Mutations in the transmembrane helix S6 of domain IV confer cockroach sodium channel resistance to sodium channel blocker insecticides and local anesthetics

Abstract

Indoxacarb and metaflumizone are two sodium channel blocker insecticides (SCBIs). They preferably bind to and trap sodium channels in the slow-inactivated non-conducting state, a mode of action similar to that of local anesthetics (LAs). Recently, two sodium channel mutations, F1845Y (F4i15Y) and V1848I (V4i18I), in the transmembrane segment 6 of domain IV (IVS6), were identified to be associated with indoxacarb resistance in Plutella xylostella. F4i15 is known to be critical for the action of LAs on mammalian sodium channels. Previously, mutation F4i15A in a cockroach sodium channel, BgNav1-1a, has been shown to reduce the action of lidocaine, a LA, but not the action of SCBIs. In this study, we introduced mutations F4i15Y and V4i18A/I individually into the cockroach sodium channel, BgNav1-1a, and conducted functional analysis of the three mutants in Xenopus oocytes.

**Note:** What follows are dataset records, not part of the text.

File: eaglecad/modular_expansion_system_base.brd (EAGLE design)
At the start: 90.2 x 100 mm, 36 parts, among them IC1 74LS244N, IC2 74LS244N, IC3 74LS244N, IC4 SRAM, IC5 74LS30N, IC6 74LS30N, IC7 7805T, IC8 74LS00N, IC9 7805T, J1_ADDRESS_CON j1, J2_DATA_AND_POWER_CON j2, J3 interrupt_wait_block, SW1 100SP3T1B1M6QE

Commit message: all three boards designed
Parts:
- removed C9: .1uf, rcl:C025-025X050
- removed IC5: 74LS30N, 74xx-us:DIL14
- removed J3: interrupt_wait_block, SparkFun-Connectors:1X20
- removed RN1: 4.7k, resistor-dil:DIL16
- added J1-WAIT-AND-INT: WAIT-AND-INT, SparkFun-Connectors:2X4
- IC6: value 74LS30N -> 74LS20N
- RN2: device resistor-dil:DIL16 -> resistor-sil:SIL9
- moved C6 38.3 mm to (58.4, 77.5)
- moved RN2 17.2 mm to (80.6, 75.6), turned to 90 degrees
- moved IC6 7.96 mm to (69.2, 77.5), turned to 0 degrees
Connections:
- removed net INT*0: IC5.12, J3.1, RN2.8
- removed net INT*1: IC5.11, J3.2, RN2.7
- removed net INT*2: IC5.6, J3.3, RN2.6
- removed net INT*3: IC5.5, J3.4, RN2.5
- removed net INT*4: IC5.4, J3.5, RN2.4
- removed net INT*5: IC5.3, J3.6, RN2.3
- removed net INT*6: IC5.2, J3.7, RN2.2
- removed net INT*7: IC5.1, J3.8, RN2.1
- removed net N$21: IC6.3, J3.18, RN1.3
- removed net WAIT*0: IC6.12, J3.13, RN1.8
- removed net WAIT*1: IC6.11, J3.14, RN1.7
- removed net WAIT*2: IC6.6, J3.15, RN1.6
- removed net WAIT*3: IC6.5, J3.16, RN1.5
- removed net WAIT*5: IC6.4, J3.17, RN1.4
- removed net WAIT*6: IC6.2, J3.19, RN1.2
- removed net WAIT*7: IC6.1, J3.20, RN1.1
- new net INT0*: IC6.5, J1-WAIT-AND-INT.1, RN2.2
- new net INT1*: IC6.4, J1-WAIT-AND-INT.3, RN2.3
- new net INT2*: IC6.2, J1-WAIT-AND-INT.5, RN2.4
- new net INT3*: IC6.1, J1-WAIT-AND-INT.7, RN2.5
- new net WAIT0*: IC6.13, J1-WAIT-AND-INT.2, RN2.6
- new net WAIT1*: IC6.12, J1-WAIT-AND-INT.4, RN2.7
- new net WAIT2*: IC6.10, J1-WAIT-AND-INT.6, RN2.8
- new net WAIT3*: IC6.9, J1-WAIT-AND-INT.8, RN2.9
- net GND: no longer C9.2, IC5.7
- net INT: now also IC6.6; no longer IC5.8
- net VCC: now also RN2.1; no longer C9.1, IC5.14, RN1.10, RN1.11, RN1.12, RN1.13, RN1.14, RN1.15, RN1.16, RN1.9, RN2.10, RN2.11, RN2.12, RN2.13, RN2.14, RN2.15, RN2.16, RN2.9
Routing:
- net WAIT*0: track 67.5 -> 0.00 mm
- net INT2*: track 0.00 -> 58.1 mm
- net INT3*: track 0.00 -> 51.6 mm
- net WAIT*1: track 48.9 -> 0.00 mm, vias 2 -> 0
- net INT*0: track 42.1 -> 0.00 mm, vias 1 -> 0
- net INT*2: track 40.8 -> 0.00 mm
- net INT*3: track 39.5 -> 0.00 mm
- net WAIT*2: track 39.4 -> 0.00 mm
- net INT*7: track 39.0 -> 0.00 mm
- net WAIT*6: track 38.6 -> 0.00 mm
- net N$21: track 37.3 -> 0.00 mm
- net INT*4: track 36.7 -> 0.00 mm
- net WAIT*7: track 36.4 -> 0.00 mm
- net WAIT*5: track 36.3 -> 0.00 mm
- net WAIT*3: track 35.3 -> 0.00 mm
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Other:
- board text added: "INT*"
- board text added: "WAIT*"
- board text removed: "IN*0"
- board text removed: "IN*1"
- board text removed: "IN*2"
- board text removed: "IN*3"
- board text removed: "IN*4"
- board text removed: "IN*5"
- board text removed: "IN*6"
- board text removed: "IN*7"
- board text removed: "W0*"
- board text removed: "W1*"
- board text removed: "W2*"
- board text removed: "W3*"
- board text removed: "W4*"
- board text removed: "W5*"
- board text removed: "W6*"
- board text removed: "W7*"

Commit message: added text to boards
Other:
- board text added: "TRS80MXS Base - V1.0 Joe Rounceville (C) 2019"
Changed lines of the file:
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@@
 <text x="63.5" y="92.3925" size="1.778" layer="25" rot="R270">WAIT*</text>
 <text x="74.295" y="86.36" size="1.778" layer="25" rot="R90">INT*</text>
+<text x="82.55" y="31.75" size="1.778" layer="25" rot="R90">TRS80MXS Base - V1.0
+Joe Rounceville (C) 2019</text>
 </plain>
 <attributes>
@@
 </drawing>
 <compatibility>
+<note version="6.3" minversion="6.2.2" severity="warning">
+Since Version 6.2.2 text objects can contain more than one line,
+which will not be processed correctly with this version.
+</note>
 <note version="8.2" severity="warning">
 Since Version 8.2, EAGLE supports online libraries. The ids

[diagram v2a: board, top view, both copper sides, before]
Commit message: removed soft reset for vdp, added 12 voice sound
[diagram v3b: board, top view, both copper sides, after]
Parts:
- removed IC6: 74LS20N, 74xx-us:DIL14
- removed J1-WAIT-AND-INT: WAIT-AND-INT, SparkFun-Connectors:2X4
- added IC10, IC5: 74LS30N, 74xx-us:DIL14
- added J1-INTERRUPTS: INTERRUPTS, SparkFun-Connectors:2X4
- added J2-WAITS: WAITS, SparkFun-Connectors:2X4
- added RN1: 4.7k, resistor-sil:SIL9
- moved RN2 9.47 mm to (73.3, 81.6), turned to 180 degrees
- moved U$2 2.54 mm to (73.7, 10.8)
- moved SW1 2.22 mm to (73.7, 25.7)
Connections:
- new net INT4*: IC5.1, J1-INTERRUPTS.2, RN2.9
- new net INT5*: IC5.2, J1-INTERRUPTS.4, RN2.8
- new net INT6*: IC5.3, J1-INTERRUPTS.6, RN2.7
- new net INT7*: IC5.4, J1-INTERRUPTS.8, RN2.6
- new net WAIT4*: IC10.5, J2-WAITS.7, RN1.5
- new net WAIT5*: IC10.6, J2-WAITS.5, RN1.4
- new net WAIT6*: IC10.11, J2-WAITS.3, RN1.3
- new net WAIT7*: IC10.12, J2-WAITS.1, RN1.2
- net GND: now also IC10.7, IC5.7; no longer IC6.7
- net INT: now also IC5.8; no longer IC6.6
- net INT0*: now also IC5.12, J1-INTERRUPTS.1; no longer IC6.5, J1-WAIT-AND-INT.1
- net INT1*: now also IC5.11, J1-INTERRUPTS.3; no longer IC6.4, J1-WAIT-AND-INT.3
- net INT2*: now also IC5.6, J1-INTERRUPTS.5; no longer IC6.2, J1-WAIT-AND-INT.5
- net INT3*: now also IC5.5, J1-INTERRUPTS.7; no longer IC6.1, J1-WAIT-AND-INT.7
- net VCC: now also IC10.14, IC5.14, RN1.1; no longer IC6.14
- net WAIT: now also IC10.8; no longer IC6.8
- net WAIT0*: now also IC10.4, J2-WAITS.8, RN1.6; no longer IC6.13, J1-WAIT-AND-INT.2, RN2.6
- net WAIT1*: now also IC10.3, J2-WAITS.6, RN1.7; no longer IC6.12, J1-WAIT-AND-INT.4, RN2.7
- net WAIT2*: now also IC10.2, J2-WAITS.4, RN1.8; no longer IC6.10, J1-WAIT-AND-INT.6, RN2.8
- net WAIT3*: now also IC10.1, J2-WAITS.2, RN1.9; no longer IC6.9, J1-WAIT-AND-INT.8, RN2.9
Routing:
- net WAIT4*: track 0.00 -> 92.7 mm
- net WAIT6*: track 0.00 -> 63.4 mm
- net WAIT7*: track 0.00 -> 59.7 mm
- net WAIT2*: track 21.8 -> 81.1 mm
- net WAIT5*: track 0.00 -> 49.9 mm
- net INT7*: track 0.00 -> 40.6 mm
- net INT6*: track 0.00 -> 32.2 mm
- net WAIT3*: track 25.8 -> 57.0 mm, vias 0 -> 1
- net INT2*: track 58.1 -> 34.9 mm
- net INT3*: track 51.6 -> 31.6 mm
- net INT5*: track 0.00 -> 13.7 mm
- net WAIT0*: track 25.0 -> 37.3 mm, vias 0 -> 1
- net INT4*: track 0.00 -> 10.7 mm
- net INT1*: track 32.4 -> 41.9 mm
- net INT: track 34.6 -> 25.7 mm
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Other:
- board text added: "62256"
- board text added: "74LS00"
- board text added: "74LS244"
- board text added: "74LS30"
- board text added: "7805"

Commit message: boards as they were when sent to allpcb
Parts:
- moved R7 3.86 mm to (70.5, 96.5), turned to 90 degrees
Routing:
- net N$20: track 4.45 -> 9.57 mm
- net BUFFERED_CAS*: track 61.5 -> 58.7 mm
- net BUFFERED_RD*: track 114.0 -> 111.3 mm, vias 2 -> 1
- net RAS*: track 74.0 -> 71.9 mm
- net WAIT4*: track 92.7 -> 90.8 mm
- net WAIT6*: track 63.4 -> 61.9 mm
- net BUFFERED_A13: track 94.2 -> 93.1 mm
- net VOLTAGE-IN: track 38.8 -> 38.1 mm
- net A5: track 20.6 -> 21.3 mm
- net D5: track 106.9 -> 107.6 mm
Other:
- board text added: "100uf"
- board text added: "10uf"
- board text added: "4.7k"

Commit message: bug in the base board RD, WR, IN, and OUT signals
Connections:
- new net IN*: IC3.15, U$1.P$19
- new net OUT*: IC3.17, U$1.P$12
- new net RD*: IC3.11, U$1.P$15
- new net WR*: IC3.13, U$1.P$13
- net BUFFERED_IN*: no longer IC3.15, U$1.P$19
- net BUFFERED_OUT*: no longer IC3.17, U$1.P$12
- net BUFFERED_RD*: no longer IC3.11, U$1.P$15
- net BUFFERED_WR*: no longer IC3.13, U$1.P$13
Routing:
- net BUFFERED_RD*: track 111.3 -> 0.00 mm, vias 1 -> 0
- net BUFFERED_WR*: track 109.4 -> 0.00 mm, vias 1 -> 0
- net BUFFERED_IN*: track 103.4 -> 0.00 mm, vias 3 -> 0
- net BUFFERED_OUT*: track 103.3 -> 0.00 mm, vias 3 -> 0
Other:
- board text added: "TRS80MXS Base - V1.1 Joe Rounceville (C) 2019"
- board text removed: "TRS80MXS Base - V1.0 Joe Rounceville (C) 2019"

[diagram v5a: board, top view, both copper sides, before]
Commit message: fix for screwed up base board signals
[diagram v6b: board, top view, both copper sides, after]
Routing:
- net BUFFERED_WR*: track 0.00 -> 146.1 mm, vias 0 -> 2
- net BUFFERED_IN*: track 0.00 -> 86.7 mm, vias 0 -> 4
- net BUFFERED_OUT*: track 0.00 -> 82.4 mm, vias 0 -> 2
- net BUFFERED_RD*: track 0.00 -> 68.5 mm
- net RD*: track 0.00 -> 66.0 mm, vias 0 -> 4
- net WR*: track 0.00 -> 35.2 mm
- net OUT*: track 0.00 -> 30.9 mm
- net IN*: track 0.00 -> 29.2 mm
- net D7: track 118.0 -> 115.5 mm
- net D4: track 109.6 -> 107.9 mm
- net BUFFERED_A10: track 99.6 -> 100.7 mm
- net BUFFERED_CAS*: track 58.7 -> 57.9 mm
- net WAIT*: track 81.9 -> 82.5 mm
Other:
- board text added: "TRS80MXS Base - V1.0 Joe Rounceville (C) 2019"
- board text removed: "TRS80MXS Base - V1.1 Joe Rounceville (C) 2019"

We found that both the F4i15Y and V4i18I mutations reduced the inhibition of sodium current by indoxacarb, DCJW (an active metabolite of indoxacarb) and metaflumizone. F4i15Y and V4i18I mutations also reduced the use-dependent block of sodium current by lidocaine. In contrast, substitution V4i18A enhanced the action metaflumizone and lidocaine. These results show that both F4i15Y and V4i18I mutations may contribute to target-site resistance to SCBIs, and provide the first molecular evidence for common amino acid determinants on insect sodium channels involved in action of SCBIs and LA.